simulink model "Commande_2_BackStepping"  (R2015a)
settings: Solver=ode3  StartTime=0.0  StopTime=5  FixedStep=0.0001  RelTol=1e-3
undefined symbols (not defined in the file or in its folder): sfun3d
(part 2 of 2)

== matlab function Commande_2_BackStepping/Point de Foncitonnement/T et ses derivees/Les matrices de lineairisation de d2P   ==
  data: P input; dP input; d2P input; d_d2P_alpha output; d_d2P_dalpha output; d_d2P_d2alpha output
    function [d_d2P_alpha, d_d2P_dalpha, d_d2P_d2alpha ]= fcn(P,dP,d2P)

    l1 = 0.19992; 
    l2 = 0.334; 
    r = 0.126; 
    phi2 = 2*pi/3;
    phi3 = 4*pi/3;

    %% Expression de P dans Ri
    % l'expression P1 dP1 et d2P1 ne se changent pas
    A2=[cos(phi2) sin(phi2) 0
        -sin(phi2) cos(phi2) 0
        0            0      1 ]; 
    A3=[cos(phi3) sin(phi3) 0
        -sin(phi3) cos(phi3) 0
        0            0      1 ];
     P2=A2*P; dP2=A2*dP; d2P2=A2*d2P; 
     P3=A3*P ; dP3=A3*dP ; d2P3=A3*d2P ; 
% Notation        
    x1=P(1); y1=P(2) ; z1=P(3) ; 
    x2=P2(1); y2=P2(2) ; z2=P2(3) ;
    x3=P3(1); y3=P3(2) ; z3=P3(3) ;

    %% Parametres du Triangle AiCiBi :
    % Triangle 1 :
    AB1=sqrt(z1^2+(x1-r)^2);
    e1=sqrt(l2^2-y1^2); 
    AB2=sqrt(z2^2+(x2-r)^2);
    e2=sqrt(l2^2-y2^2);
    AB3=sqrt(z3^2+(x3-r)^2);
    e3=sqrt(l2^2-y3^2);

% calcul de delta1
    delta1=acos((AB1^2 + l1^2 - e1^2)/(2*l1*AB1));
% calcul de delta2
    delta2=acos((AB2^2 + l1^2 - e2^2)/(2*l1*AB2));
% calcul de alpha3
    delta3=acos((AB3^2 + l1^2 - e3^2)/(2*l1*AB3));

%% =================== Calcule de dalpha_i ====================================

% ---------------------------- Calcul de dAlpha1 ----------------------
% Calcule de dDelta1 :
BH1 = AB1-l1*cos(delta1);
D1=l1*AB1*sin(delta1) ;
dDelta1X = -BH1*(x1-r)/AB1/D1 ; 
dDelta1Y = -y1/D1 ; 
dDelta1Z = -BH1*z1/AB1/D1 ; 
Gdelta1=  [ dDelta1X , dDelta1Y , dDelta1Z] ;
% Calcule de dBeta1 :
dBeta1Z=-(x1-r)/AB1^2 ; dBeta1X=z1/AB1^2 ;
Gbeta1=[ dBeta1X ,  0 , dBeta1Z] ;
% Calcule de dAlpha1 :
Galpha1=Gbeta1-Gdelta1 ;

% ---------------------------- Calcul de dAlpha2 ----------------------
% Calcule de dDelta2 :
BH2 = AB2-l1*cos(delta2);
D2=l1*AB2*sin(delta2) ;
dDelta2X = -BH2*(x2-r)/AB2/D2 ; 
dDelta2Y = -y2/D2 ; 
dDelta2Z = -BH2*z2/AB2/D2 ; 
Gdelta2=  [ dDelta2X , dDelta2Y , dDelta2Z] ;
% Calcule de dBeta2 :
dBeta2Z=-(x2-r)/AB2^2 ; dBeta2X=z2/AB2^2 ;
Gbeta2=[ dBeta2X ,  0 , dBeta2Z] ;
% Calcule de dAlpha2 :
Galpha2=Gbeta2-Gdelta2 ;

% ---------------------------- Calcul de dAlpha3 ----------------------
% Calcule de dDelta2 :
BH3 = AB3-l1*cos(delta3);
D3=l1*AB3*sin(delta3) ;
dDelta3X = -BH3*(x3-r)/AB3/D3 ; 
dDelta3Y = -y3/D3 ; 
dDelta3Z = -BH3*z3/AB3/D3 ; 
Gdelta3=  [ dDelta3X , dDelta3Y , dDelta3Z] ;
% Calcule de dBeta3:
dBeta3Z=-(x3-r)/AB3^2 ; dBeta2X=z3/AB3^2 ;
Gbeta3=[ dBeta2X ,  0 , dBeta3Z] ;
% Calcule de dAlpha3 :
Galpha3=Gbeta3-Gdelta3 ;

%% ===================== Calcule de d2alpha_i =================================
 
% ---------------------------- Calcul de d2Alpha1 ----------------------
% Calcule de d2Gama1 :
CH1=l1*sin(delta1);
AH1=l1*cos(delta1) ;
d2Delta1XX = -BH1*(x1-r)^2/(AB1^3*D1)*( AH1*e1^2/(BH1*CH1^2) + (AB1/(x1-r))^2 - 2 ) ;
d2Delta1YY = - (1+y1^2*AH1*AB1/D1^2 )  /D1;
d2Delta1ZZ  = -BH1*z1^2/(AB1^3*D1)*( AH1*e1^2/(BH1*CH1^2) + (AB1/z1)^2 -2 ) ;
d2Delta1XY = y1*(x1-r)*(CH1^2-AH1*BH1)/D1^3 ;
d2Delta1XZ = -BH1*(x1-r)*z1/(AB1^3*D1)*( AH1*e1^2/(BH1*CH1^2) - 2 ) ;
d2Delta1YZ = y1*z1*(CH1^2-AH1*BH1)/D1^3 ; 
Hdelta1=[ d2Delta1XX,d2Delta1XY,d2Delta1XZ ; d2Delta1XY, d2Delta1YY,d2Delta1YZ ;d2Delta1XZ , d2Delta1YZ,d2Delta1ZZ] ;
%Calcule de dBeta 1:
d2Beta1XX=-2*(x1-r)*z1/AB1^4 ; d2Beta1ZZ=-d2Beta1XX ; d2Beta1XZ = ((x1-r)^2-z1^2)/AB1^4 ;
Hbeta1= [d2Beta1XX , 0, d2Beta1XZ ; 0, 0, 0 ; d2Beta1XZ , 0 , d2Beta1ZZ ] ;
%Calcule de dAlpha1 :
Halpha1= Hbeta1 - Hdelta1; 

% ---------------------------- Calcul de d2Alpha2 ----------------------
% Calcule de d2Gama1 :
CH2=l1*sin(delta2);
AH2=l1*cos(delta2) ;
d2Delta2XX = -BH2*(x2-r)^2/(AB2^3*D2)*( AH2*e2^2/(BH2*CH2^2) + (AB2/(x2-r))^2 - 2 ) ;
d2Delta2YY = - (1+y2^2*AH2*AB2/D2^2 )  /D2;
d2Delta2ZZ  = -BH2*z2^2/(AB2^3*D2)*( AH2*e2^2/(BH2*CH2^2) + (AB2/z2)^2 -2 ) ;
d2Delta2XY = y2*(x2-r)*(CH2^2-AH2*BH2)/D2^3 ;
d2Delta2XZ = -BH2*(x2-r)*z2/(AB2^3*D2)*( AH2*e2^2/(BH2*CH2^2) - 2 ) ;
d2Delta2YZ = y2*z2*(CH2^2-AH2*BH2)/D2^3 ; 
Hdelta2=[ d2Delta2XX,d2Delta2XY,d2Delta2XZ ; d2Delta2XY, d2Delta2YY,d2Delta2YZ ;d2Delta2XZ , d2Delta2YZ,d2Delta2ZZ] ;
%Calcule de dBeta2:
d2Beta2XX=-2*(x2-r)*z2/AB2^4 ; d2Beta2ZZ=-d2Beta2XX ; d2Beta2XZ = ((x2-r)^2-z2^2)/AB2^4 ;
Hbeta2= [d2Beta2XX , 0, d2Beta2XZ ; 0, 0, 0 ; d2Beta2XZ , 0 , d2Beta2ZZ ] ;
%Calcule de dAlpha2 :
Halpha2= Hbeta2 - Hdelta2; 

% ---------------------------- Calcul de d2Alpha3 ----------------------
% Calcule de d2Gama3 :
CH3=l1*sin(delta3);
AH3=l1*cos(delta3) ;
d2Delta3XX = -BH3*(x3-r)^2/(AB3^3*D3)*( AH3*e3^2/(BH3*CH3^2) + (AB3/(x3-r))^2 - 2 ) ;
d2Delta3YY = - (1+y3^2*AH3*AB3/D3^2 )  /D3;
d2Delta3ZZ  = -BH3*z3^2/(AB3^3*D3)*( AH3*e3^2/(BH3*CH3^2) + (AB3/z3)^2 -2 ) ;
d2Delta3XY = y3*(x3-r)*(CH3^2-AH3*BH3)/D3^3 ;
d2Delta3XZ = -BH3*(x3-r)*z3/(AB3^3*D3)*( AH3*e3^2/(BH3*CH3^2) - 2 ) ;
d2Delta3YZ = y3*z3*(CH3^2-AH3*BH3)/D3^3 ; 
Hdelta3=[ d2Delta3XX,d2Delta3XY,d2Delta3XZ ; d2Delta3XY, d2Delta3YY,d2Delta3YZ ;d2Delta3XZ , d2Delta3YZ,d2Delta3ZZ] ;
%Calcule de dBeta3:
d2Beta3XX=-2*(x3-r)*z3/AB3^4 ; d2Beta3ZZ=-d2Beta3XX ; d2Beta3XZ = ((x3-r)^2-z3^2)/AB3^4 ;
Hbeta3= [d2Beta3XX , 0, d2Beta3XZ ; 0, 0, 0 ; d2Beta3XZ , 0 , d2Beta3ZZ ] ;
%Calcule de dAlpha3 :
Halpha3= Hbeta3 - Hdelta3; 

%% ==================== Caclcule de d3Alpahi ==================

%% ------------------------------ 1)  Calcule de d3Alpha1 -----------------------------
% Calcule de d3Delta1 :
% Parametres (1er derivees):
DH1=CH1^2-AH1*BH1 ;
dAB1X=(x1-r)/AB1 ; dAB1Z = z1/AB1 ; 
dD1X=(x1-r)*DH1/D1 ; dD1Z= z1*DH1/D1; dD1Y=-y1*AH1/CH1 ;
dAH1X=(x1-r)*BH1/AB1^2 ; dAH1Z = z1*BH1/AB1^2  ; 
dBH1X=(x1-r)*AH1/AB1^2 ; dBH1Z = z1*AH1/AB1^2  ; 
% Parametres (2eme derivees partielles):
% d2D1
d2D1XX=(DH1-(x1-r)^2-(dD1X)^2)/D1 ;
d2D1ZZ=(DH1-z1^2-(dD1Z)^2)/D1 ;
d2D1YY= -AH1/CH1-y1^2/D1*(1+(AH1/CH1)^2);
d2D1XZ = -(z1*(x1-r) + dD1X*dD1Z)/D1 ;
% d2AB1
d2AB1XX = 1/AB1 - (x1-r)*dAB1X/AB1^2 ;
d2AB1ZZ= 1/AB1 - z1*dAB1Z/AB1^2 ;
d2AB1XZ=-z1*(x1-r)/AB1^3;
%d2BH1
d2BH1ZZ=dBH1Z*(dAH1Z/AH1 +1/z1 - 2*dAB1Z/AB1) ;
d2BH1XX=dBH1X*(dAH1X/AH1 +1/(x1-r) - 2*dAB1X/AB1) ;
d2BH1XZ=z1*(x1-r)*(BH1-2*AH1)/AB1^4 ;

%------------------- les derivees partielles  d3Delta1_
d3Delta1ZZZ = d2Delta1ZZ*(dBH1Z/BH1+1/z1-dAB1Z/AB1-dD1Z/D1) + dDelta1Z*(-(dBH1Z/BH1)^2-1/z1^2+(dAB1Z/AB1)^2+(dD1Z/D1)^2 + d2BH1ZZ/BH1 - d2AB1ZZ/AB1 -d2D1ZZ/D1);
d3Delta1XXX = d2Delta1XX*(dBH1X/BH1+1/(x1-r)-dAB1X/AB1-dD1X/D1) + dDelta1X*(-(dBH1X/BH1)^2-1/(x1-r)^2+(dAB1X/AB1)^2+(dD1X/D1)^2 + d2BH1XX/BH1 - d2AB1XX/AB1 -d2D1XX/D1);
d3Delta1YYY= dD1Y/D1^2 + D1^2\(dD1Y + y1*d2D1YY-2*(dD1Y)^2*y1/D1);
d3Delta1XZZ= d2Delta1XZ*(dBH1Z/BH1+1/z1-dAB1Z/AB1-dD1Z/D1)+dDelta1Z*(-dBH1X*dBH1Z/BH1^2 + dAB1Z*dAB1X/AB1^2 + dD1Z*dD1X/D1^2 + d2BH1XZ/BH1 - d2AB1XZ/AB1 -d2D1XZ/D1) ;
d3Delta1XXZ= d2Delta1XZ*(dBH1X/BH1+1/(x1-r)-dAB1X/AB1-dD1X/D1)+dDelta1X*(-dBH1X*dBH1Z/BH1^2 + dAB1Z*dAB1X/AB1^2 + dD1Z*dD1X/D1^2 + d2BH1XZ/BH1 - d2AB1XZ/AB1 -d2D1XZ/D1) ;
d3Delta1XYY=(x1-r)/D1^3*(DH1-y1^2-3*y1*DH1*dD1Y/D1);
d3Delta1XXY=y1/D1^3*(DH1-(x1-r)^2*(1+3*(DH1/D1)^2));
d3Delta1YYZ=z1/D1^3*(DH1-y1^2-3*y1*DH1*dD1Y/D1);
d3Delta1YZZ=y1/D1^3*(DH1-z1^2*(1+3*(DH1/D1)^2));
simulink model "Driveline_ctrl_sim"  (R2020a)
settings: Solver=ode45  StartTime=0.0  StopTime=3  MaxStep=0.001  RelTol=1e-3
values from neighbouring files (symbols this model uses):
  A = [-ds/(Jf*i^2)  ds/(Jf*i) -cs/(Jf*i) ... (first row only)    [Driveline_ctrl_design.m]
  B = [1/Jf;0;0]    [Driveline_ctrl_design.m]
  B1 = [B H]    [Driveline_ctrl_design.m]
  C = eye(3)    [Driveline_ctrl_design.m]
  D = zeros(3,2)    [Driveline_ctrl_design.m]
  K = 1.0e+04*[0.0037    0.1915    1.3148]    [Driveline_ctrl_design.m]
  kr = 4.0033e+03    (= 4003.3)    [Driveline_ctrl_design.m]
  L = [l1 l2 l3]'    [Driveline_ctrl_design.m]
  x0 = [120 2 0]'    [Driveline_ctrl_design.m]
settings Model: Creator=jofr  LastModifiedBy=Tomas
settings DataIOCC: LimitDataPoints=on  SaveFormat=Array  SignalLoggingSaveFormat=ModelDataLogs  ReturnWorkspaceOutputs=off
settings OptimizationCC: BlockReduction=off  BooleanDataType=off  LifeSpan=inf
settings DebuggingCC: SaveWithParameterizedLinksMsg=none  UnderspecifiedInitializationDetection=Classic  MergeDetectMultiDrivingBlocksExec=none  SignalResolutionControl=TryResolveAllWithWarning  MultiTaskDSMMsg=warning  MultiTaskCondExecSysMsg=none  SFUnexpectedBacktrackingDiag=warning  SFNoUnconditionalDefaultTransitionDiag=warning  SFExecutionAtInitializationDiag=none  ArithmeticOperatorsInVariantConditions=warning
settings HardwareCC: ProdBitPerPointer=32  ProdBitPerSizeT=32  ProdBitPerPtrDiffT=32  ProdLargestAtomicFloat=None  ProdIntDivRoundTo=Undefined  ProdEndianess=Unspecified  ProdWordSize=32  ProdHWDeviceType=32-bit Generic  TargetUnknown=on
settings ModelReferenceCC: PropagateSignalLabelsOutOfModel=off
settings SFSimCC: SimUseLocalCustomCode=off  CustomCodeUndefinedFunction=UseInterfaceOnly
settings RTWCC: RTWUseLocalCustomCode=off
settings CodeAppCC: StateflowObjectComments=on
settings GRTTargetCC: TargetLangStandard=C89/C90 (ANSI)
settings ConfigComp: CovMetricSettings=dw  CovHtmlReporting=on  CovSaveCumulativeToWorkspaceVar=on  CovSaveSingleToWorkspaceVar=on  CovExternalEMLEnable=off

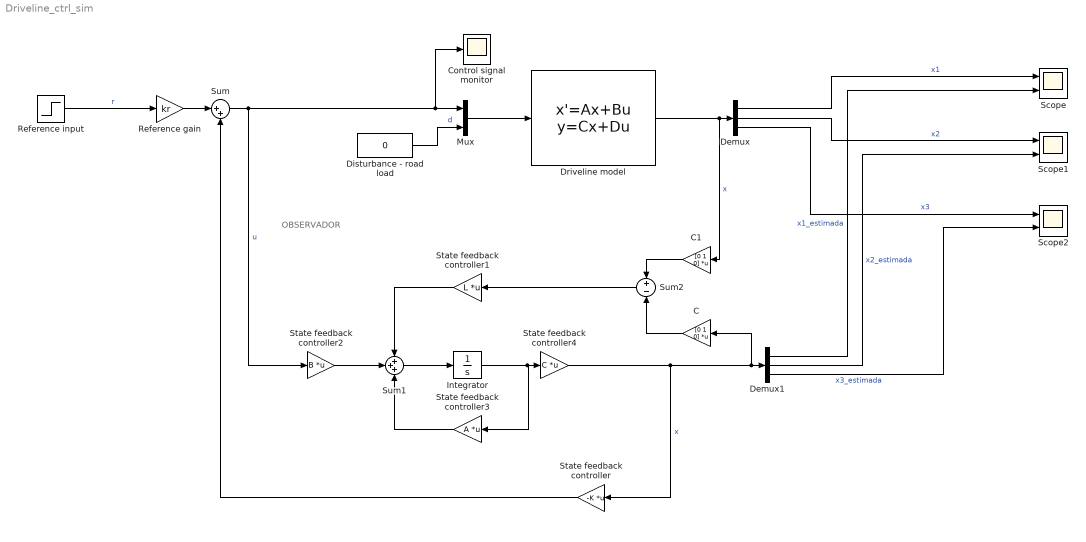
== system Driveline_ctrl_sim ==
  note: OBSERVADOR
  C : Gain  Gain=[0 1 0]  Multiplication=Matrix(K*u)
  C1 : Gain  Gain=[0 1 0]  Multiplication=Matrix(K*u)
  Control signal monitor : Scope
  Demux : Demux  Outputs=3
  Demux1 : Demux  Outputs=3
  Disturbance - road load : Constant  Value=0
  Driveline model : StateSpace  A=A  B=B1  C=C  D=D  InitialCondition=x0
  Integrator : Integrator
  Mux : Mux  Inputs=2
  Reference gain : Gain  Gain=kr
  Reference input : Step  Before=2  After=4  SampleTime=0
  Scope : Scope  NumInputPorts=2
  Scope1 : Scope  NumInputPorts=2
  Scope2 : Scope  NumInputPorts=2
  State feedback controller : Gain  Gain=-K  Multiplication=Matrix(K*u)
  State feedback controller1 : Gain  Gain=L  Multiplication=Matrix(K*u)
  State feedback controller2 : Gain  Gain=B  Multiplication=Matrix(K*u)
  State feedback controller3 : Gain  Gain=A  Multiplication=Matrix(K*u)
  State feedback controller4 : Gain  Gain=C  Multiplication=Matrix(K*u)
  Sum : Sum  Inputs=|++
  Sum1 : Sum  Inputs=+++
  Sum2 : Sum  Inputs=+|-
  wires:
  Driveline model/1 -> C1/1, Demux/1  "x"
  Demux/1 -> Scope/1  "x1"
  Demux/2 -> Scope1/1  "x2"
  Demux/3 -> Scope2/1  "x3"
  Mux/1 -> Driveline model/1
  Disturbance - road load/1 -> Mux/2  "d"
  State feedback controller/1 -> Sum/2
  Reference input/1 -> Reference gain/1  "r"
  Sum/1 -> Control signal monitor/1, Mux/1, State feedback controller2/1  "u"
  Reference gain/1 -> Sum/1
  State feedback controller4/1 -> C/1, Demux1/1, State feedback controller/1  "x"
  Demux1/3 -> Scope2/2  "x3_estimada"
  Demux1/1 -> Scope/2  "x1_estimada"
  Demux1/2 -> Scope1/2  "x2_estimada"
  C1/1 -> Sum2/1
  C/1 -> Sum2/2
  Sum2/1 -> State feedback controller1/1
  State feedback controller2/1 -> Sum1/2
  State feedback controller1/1 -> Sum1/1
  Sum1/1 -> Integrator/1
  State feedback controller3/1 -> Sum1/3
  Integrator/1 -> State feedback controller3/1, State feedback controller4/1

##############################

• PROBLEM REQUIREMENTS: Search the entries for the word "Multiplication" and gather every line where it appears.

• RESPONSE TO THE TASK:
  C : Gain  Gain=[0 1 0]  Multiplication=Matrix(K*u)
  C1 : Gain  Gain=[0 1 0]  Multiplication=Matrix(K*u)
  State feedback controller : Gain  Gain=-K  Multiplication=Matrix(K*u)
  State feedback controller1 : Gain  Gain=L  Multiplication=Matrix(K*u)
  State feedback controller2 : Gain  Gain=B  Multiplication=Matrix(K*u)
  State feedback controller3 : Gain  Gain=A  Multiplication=Matrix(K*u)
  State feedback controller4 : Gain  Gain=C  Multiplication=Matrix(K*u)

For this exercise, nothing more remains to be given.